– Walt West
I had a business meeting in Atlanta last week and was getting ready to leave the house when disaster struck. That little talking map device, which I plug into what we used to call the cigarette lighter, was dead.
I thought it might be the power cord. I also thought I might be in trouble because I have become so dependent on such devices while traveling in faraway cities.
“What should I do?” I asked my wife, secretly hoping she had a spare hidden someplace.
“Oh, I don’t know, sweetie,” she said. “Why don’t you find one of those things we used to keep in the glove box? You know, it’s got lots of lines on it and road names and is hard to fold.”
“A map?” I asked.
She nodded and went back to her Facebook page, where I’m sure she shared with her friends, family and half of America that she was married to a genius.
So, I showed her.
I found a map. I took rough notes of where I wanted to go. I laid it all out on the empty passenger seat and eventually got to my destination, though I noticed I am now distracted by trying to drive in traffic while looking for road signs, while reading a map, which requires glasses.
Thankfully, I only had to turn around and retrace my route twice. One time was because I had this odd sense that the sun angle wasn’t quite right and should be more to my left. I turned around, went back a few miles and found a sign I had missed.
That made me think that maybe we humans have some internal sense of direction that we can follow if we trust it.
Or it could explain why we get lost a lot and it took Columbus so long to discover America.
Either way, I’ve added “talking map device” to my Christmas list.
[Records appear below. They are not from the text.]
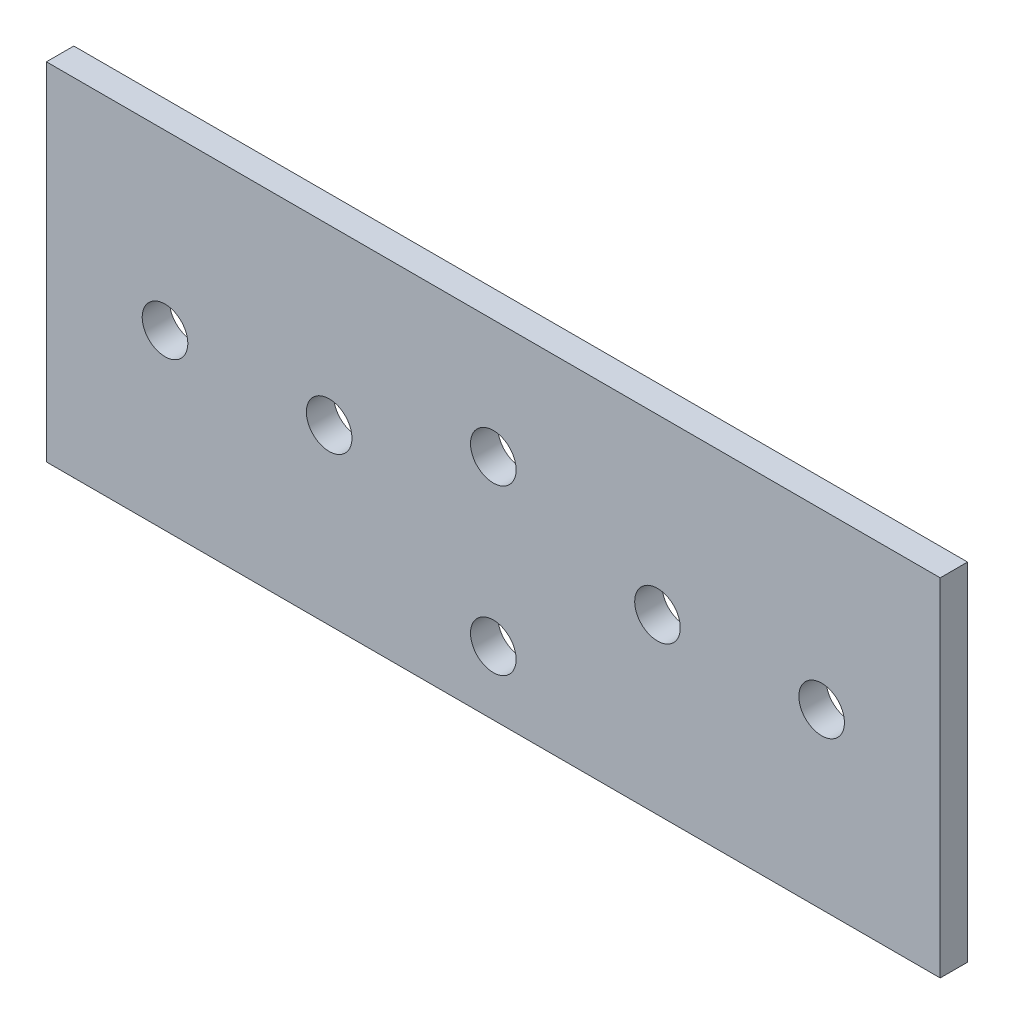
ISO-10303-21;
HEADER;
FILE_DESCRIPTION(('STEP AP214'),'2;1');
FILE_NAME('part.step','',(''),(''),'','','');
FILE_SCHEMA(('AUTOMOTIVE_DESIGN { 1 0 10303 214 1 1 1 1 }'));
ENDSEC;
DATA;
#1=APPLICATION_CONTEXT('core data for automotive mechanical design processes');
#2=APPLICATION_PROTOCOL_DEFINITION('international standard','automotive_design',2000,#1);
#3=PRODUCT_CONTEXT('',#1,'mechanical');
#4=PRODUCT('Part','Part','',(#3));
#5=PRODUCT_RELATED_PRODUCT_CATEGORY('part','',(#4));
#6=PRODUCT_DEFINITION_FORMATION('','',#4);
#7=PRODUCT_DEFINITION_CONTEXT('part definition',#1,'design');
#8=PRODUCT_DEFINITION('design','',#6,#7);
#9=PRODUCT_DEFINITION_SHAPE('','',#8);
#10=(LENGTH_UNIT() NAMED_UNIT(*) SI_UNIT(.MILLI.,.METRE.));
#11=(NAMED_UNIT(*) PLANE_ANGLE_UNIT() SI_UNIT($,.RADIAN.));
#12=(NAMED_UNIT(*) SI_UNIT($,.STERADIAN.) SOLID_ANGLE_UNIT());
#13=UNCERTAINTY_MEASURE_WITH_UNIT(LENGTH_MEASURE(1.E-05),#10,'distance_accuracy_value','');
#14=(GEOMETRIC_REPRESENTATION_CONTEXT(3) GLOBAL_UNCERTAINTY_ASSIGNED_CONTEXT((#13)) GLOBAL_UNIT_ASSIGNED_CONTEXT((#10,
#11,#12)) REPRESENTATION_CONTEXT('',''));
#15=CARTESIAN_POINT('',(0.,0.,0.));
#16=DIRECTION('',(0.,0.,1.));
#17=DIRECTION('',(1.,0.,0.));
#18=AXIS2_PLACEMENT_3D('',#15,#16,#17);
#19=CARTESIAN_POINT('',(49.,19.,3.));
#20=DIRECTION('',(-1.,0.,0.));
#21=DIRECTION('',(0.,-1.,0.));
#22=AXIS2_PLACEMENT_3D('',#19,#20,#21);
#23=PLANE('',#22);
#24=DIRECTION('',(0.,1.,0.));
#25=VECTOR('',#24,1.);
#26=CARTESIAN_POINT('',(49.,19.,0.));
#27=LINE('',#26,#25);
#28=CARTESIAN_POINT('',(49.,-19.,0.));
#29=VERTEX_POINT('',#28);
#30=CARTESIAN_POINT('',(49.,19.,0.));
#31=VERTEX_POINT('',#30);
#32=EDGE_CURVE('E106',#29,#31,#27,.T.);
#33=ORIENTED_EDGE('',*,*,#32,.T.);
#34=DIRECTION('',(0.,0.,-1.));
#35=VECTOR('',#34,1.);
#36=CARTESIAN_POINT('',(49.,19.,3.));
#37=LINE('',#36,#35);
#38=CARTESIAN_POINT('',(49.,19.,3.));
#39=VERTEX_POINT('',#38);
#40=EDGE_CURVE('E11',#39,#31,#37,.T.);
#41=ORIENTED_EDGE('',*,*,#40,.F.);
#42=DIRECTION('',(0.,1.,0.));
#43=VECTOR('',#42,1.);
#44=CARTESIAN_POINT('',(49.,19.,3.));
#45=LINE('',#44,#43);
#46=CARTESIAN_POINT('',(49.,-19.,3.));
#47=VERTEX_POINT('',#46);
#48=EDGE_CURVE('E90',#47,#39,#45,.T.);
#49=ORIENTED_EDGE('',*,*,#48,.F.);
#50=DIRECTION('',(0.,0.,-1.));
#51=VECTOR('',#50,1.);
#52=CARTESIAN_POINT('',(49.,-19.,3.));
#53=LINE('',#52,#51);
#54=EDGE_CURVE('E102',#47,#29,#53,.T.);
#55=ORIENTED_EDGE('',*,*,#54,.T.);
#56=EDGE_LOOP('',(#33,#41,#49,#55));
#57=FACE_BOUND('',#56,.T.);
#58=ADVANCED_FACE('F38',(#57),#23,.F.);
#59=CARTESIAN_POINT('',(-49.,19.,3.));
#60=DIRECTION('',(0.,-1.,0.));
#61=DIRECTION('',(0.,0.,-1.));
#62=AXIS2_PLACEMENT_3D('',#59,#60,#61);
#63=PLANE('',#62);
#64=DIRECTION('',(-1.,0.,0.));
#65=VECTOR('',#64,1.);
#66=CARTESIAN_POINT('',(-49.,19.,0.));
#67=LINE('',#66,#65);
#68=CARTESIAN_POINT('',(-49.,19.,0.));
#69=VERTEX_POINT('',#68);
#70=EDGE_CURVE('E95',#31,#69,#67,.T.);
#71=ORIENTED_EDGE('',*,*,#70,.T.);
#72=DIRECTION('',(0.,0.,-1.));
#73=VECTOR('',#72,1.);
#74=CARTESIAN_POINT('',(-49.,19.,3.));
#75=LINE('',#74,#73);
#76=CARTESIAN_POINT('',(-49.,19.,3.));
#77=VERTEX_POINT('',#76);
#78=EDGE_CURVE('E47',#77,#69,#75,.T.);
#79=ORIENTED_EDGE('',*,*,#78,.F.);
#80=DIRECTION('',(-1.,0.,0.));
#81=VECTOR('',#80,1.);
#82=CARTESIAN_POINT('',(-49.,19.,3.));
#83=LINE('',#82,#81);
#84=EDGE_CURVE('E85',#39,#77,#83,.T.);
#85=ORIENTED_EDGE('',*,*,#84,.F.);
#86=ORIENTED_EDGE('',*,*,#40,.T.);
#87=EDGE_LOOP('',(#71,#79,#85,#86));
#88=FACE_BOUND('',#87,.T.);
#89=ADVANCED_FACE('F94',(#88),#63,.F.);
#90=CARTESIAN_POINT('',(-49.,19.,3.));
#91=DIRECTION('',(1.,0.,0.));
#92=DIRECTION('',(0.,1.,0.));
#93=AXIS2_PLACEMENT_3D('',#90,#91,#92);
#94=PLANE('',#93);
#95=DIRECTION('',(0.,-1.,0.));
#96=VECTOR('',#95,1.);
#97=CARTESIAN_POINT('',(-49.,19.,0.));
#98=LINE('',#97,#96);
#99=CARTESIAN_POINT('',(-49.,-19.,0.));
#100=VERTEX_POINT('',#99);
#101=EDGE_CURVE('E72',#69,#100,#98,.T.);
#102=ORIENTED_EDGE('',*,*,#101,.T.);
#103=DIRECTION('',(0.,0.,-1.));
#104=VECTOR('',#103,1.);
#105=CARTESIAN_POINT('',(-49.,-19.,3.));
#106=LINE('',#105,#104);
#107=CARTESIAN_POINT('',(-49.,-19.,3.));
#108=VERTEX_POINT('',#107);
#109=EDGE_CURVE('E97',#108,#100,#106,.T.);
#110=ORIENTED_EDGE('',*,*,#109,.F.);
#111=DIRECTION('',(0.,-1.,0.));
#112=VECTOR('',#111,1.);
#113=CARTESIAN_POINT('',(-49.,19.,3.));
#114=LINE('',#113,#112);
#115=EDGE_CURVE('E88',#77,#108,#114,.T.);
#116=ORIENTED_EDGE('',*,*,#115,.F.);
#117=ORIENTED_EDGE('',*,*,#78,.T.);
#118=EDGE_LOOP('',(#102,#110,#116,#117));
#119=FACE_BOUND('',#118,.T.);
#120=ADVANCED_FACE('F98',(#119),#94,.F.);
#121=CARTESIAN_POINT('',(-49.,-19.,3.));
#122=DIRECTION('',(0.,1.,0.));
#123=DIRECTION('',(0.,0.,1.));
#124=AXIS2_PLACEMENT_3D('',#121,#122,#123);
#125=PLANE('',#124);
#126=DIRECTION('',(1.,0.,0.));
#127=VECTOR('',#126,1.);
#128=CARTESIAN_POINT('',(-49.,-19.,0.));
#129=LINE('',#128,#127);
#130=EDGE_CURVE('E78',#100,#29,#129,.T.);
#131=ORIENTED_EDGE('',*,*,#130,.T.);
#132=ORIENTED_EDGE('',*,*,#54,.F.);
#133=DIRECTION('',(1.,0.,0.));
#134=VECTOR('',#133,1.);
#135=CARTESIAN_POINT('',(-49.,-19.,3.));
#136=LINE('',#135,#134);
#137=EDGE_CURVE('E55',#108,#47,#136,.T.);
#138=ORIENTED_EDGE('',*,*,#137,.F.);
#139=ORIENTED_EDGE('',*,*,#109,.T.);
#140=EDGE_LOOP('',(#131,#132,#138,#139));
#141=FACE_BOUND('',#140,.T.);
#142=ADVANCED_FACE('F120',(#141),#125,.F.);
#143=CARTESIAN_POINT('',(0.,0.,3.));
#144=DIRECTION('',(0.,0.,1.));
#145=DIRECTION('',(1.,0.,0.));
#146=AXIS2_PLACEMENT_3D('',#143,#144,#145);
#147=PLANE('',#146);
#148=CARTESIAN_POINT('',(0.,-12.,3.));
#149=DIRECTION('',(0.,0.,1.));
#150=DIRECTION('',(1.,0.,0.));
#151=AXIS2_PLACEMENT_3D('',#148,#149,#150);
#152=CIRCLE('',#151,2.5);
#153=CARTESIAN_POINT('',(-2.5,-12.,3.));
#154=VERTEX_POINT('',#153);
#155=EDGE_CURVE('E167',#154,#154,#152,.F.);
#156=ORIENTED_EDGE('',*,*,#155,.T.);
#157=EDGE_LOOP('',(#156));
#158=FACE_BOUND('',#157,.T.);
#159=CARTESIAN_POINT('',(0.,6.,3.));
#160=DIRECTION('',(0.,0.,1.));
#161=DIRECTION('',(1.,0.,0.));
#162=AXIS2_PLACEMENT_3D('',#159,#160,#161);
#163=CIRCLE('',#162,2.5);
#164=CARTESIAN_POINT('',(-2.5,6.,3.));
#165=VERTEX_POINT('',#164);
#166=EDGE_CURVE('E159',#165,#165,#163,.F.);
#167=ORIENTED_EDGE('',*,*,#166,.T.);
#168=EDGE_LOOP('',(#167));
#169=FACE_BOUND('',#168,.T.);
#170=CARTESIAN_POINT('',(-36.,0.,3.));
#171=DIRECTION('',(0.,0.,1.));
#172=DIRECTION('',(1.,0.,0.));
#173=AXIS2_PLACEMENT_3D('',#170,#171,#172);
#174=CIRCLE('',#173,2.5);
#175=CARTESIAN_POINT('',(-38.5,0.,3.));
#176=VERTEX_POINT('',#175);
#177=EDGE_CURVE('E132',#176,#176,#174,.T.);
#178=ORIENTED_EDGE('',*,*,#177,.F.);
#179=EDGE_LOOP('',(#178));
#180=FACE_BOUND('',#179,.T.);
#181=CARTESIAN_POINT('',(-18.,0.,3.));
#182=DIRECTION('',(0.,0.,1.));
#183=DIRECTION('',(1.,0.,0.));
#184=AXIS2_PLACEMENT_3D('',#181,#182,#183);
#185=CIRCLE('',#184,2.5);
#186=CARTESIAN_POINT('',(-20.5,0.,3.));
#187=VERTEX_POINT('',#186);
#188=EDGE_CURVE('E143',#187,#187,#185,.T.);
#189=ORIENTED_EDGE('',*,*,#188,.F.);
#190=EDGE_LOOP('',(#189));
#191=FACE_BOUND('',#190,.T.);
#192=CARTESIAN_POINT('',(36.,0.,3.));
#193=DIRECTION('',(0.,0.,1.));
#194=DIRECTION('',(1.,0.,0.));
#195=AXIS2_PLACEMENT_3D('',#192,#193,#194);
#196=CIRCLE('',#195,2.5);
#197=CARTESIAN_POINT('',(33.5,0.,3.));
#198=VERTEX_POINT('',#197);
#199=EDGE_CURVE('E136',#198,#198,#196,.F.);
#200=ORIENTED_EDGE('',*,*,#199,.T.);
#201=EDGE_LOOP('',(#200));
#202=FACE_BOUND('',#201,.T.);
#203=CARTESIAN_POINT('',(18.,0.,3.));
#204=DIRECTION('',(0.,0.,1.));
#205=DIRECTION('',(1.,0.,0.));
#206=AXIS2_PLACEMENT_3D('',#203,#204,#205);
#207=CIRCLE('',#206,2.5);
#208=CARTESIAN_POINT('',(15.5,0.,3.));
#209=VERTEX_POINT('',#208);
#210=EDGE_CURVE('E127',#209,#209,#207,.F.);
#211=ORIENTED_EDGE('',*,*,#210,.T.);
#212=EDGE_LOOP('',(#211));
#213=FACE_BOUND('',#212,.T.);
#214=ORIENTED_EDGE('',*,*,#48,.T.);
#215=ORIENTED_EDGE('',*,*,#84,.T.);
#216=ORIENTED_EDGE('',*,*,#115,.T.);
#217=ORIENTED_EDGE('',*,*,#137,.T.);
#218=EDGE_LOOP('',(#214,#215,#216,#217));
#219=FACE_BOUND('',#218,.T.);
#220=ADVANCED_FACE('F86',(#158,#169,#180,#191,#202,#213,#219),#147,.T.);
#221=CARTESIAN_POINT('',(0.,0.,0.));
#222=DIRECTION('',(0.,0.,1.));
#223=DIRECTION('',(1.,0.,0.));
#224=AXIS2_PLACEMENT_3D('',#221,#222,#223);
#225=PLANE('',#224);
#226=CARTESIAN_POINT('',(0.,-12.,0.));
#227=DIRECTION('',(0.,0.,-1.));
#228=DIRECTION('',(-1.,0.,0.));
#229=AXIS2_PLACEMENT_3D('',#226,#227,#228);
#230=CIRCLE('',#229,2.5);
#231=CARTESIAN_POINT('',(-2.5,-12.,0.));
#232=VERTEX_POINT('',#231);
#233=EDGE_CURVE('E152',#232,#232,#230,.T.);
#234=ORIENTED_EDGE('',*,*,#233,.F.);
#235=EDGE_LOOP('',(#234));
#236=FACE_BOUND('',#235,.T.);
#237=CARTESIAN_POINT('',(0.,6.,0.));
#238=DIRECTION('',(0.,0.,-1.));
#239=DIRECTION('',(-1.,0.,0.));
#240=AXIS2_PLACEMENT_3D('',#237,#238,#239);
#241=CIRCLE('',#240,2.5);
#242=CARTESIAN_POINT('',(-2.5,6.,0.));
#243=VERTEX_POINT('',#242);
#244=EDGE_CURVE('E163',#243,#243,#241,.T.);
#245=ORIENTED_EDGE('',*,*,#244,.F.);
#246=EDGE_LOOP('',(#245));
#247=FACE_BOUND('',#246,.T.);
#248=CARTESIAN_POINT('',(-36.,0.,0.));
#249=DIRECTION('',(0.,0.,1.));
#250=DIRECTION('',(1.,0.,0.));
#251=AXIS2_PLACEMENT_3D('',#248,#249,#250);
#252=CIRCLE('',#251,2.5);
#253=CARTESIAN_POINT('',(-38.5,0.,0.));
#254=VERTEX_POINT('',#253);
#255=EDGE_CURVE('E147',#254,#254,#252,.T.);
#256=ORIENTED_EDGE('',*,*,#255,.T.);
#257=EDGE_LOOP('',(#256));
#258=FACE_BOUND('',#257,.T.);
#259=CARTESIAN_POINT('',(-18.,0.,0.));
#260=DIRECTION('',(0.,0.,1.));
#261=DIRECTION('',(1.,0.,0.));
#262=AXIS2_PLACEMENT_3D('',#259,#260,#261);
#263=CIRCLE('',#262,2.5);
#264=CARTESIAN_POINT('',(-20.5,0.,0.));
#265=VERTEX_POINT('',#264);
#266=EDGE_CURVE('E148',#265,#265,#263,.T.);
#267=ORIENTED_EDGE('',*,*,#266,.T.);
#268=EDGE_LOOP('',(#267));
#269=FACE_BOUND('',#268,.T.);
#270=CARTESIAN_POINT('',(36.,0.,0.));
#271=DIRECTION('',(0.,0.,-1.));
#272=DIRECTION('',(-1.,0.,0.));
#273=AXIS2_PLACEMENT_3D('',#270,#271,#272);
#274=CIRCLE('',#273,2.5);
#275=CARTESIAN_POINT('',(33.5,0.,0.));
#276=VERTEX_POINT('',#275);
#277=EDGE_CURVE('E110',#276,#276,#274,.T.);
#278=ORIENTED_EDGE('',*,*,#277,.F.);
#279=EDGE_LOOP('',(#278));
#280=FACE_BOUND('',#279,.T.);
#281=CARTESIAN_POINT('',(18.,0.,0.));
#282=DIRECTION('',(0.,0.,-1.));
#283=DIRECTION('',(-1.,0.,0.));
#284=AXIS2_PLACEMENT_3D('',#281,#282,#283);
#285=CIRCLE('',#284,2.5);
#286=CARTESIAN_POINT('',(15.5,0.,0.));
#287=VERTEX_POINT('',#286);
#288=EDGE_CURVE('E131',#287,#287,#285,.T.);
#289=ORIENTED_EDGE('',*,*,#288,.F.);
#290=EDGE_LOOP('',(#289));
#291=FACE_BOUND('',#290,.T.);
#292=ORIENTED_EDGE('',*,*,#32,.F.);
#293=ORIENTED_EDGE('',*,*,#130,.F.);
#294=ORIENTED_EDGE('',*,*,#101,.F.);
#295=ORIENTED_EDGE('',*,*,#70,.F.);
#296=EDGE_LOOP('',(#292,#293,#294,#295));
#297=FACE_BOUND('',#296,.T.);
#298=ADVANCED_FACE('F123',(#236,#247,#258,#269,#280,#291,#297),#225,.F.);
#299=CARTESIAN_POINT('',(18.,0.,3.001));
#300=DIRECTION('',(0.,0.,-1.));
#301=DIRECTION('',(-1.,0.,0.));
#302=AXIS2_PLACEMENT_3D('',#299,#300,#301);
#303=CYLINDRICAL_SURFACE('',#302,2.5);
#304=CARTESIAN_POINT('',(15.5,0.,3.));
#305=CARTESIAN_POINT('',(15.5,0.,2.96875));
#306=CARTESIAN_POINT('',(15.5,0.,2.9375));
#307=CARTESIAN_POINT('',(15.5,0.,2.875));
#308=CARTESIAN_POINT('',(15.5,0.,2.84375));
#309=CARTESIAN_POINT('',(15.5,0.,2.78125));
#310=CARTESIAN_POINT('',(15.5,0.,2.75));
#311=CARTESIAN_POINT('',(15.5,0.,2.6875));
#312=CARTESIAN_POINT('',(15.5,0.,2.65625));
#313=CARTESIAN_POINT('',(15.5,0.,2.59375));
#314=CARTESIAN_POINT('',(15.5,0.,2.5625));
#315=CARTESIAN_POINT('',(15.5,0.,2.5));
#316=CARTESIAN_POINT('',(15.5,0.,2.46875));
#317=CARTESIAN_POINT('',(15.5,0.,2.40625));
#318=CARTESIAN_POINT('',(15.5,0.,2.375));
#319=CARTESIAN_POINT('',(15.5,0.,2.3125));
#320=CARTESIAN_POINT('',(15.5,0.,2.28125));
#321=CARTESIAN_POINT('',(15.5,0.,2.21875));
#322=CARTESIAN_POINT('',(15.5,0.,2.1875));
#323=CARTESIAN_POINT('',(15.5,0.,2.125));
#324=CARTESIAN_POINT('',(15.5,0.,2.09375));
#325=CARTESIAN_POINT('',(15.5,0.,2.03125));
#326=CARTESIAN_POINT('',(15.5,0.,2.));
#327=CARTESIAN_POINT('',(15.5,0.,1.9375));
#328=CARTESIAN_POINT('',(15.5,0.,1.90625));
#329=CARTESIAN_POINT('',(15.5,0.,1.84375));
#330=CARTESIAN_POINT('',(15.5,0.,1.8125));
#331=CARTESIAN_POINT('',(15.5,0.,1.75));
#332=CARTESIAN_POINT('',(15.5,0.,1.71875));
#333=CARTESIAN_POINT('',(15.5,0.,1.65625));
#334=CARTESIAN_POINT('',(15.5,0.,1.625));
#335=CARTESIAN_POINT('',(15.5,0.,1.5625));
#336=CARTESIAN_POINT('',(15.5,0.,1.53125));
#337=CARTESIAN_POINT('',(15.5,0.,1.46875));
#338=CARTESIAN_POINT('',(15.5,0.,1.4375));
#339=CARTESIAN_POINT('',(15.5,0.,1.375));
#340=CARTESIAN_POINT('',(15.5,0.,1.34375));
#341=CARTESIAN_POINT('',(15.5,0.,1.28125));
#342=CARTESIAN_POINT('',(15.5,0.,1.25));
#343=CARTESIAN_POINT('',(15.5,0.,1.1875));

YOUR POSTCARDS: Charles and Mary Reeves, of Harlem, were enjoying the cool weather and colorful leaves in North Carolina. So were Ernest and Martha Odom, of Evans, who also visited the Homestead in Hot Springs, Va.
One state over, Corky Holloway, of Evans, said he, wife Debbie and his mother Evva Holloway are enjoying the leaves in the Smoky Mountains of Tennessee. Fran and Bill, of North Augusta, were enjoying a low country boil in Savannah.
THOUGHT FOR THE DAY: Elections should be held on Christmas. That way, if we don’t like who we elect, we can exchange them.
TODAY’S JOKE: Here’s one from Bill Wood, of Hephzibah.
A newly married man asked his wife, “Would you have married me if my father hadn’t left me a fortune?”
“Honey,” she replied sweetly, “I’d have married you no matter who left you a fortune.”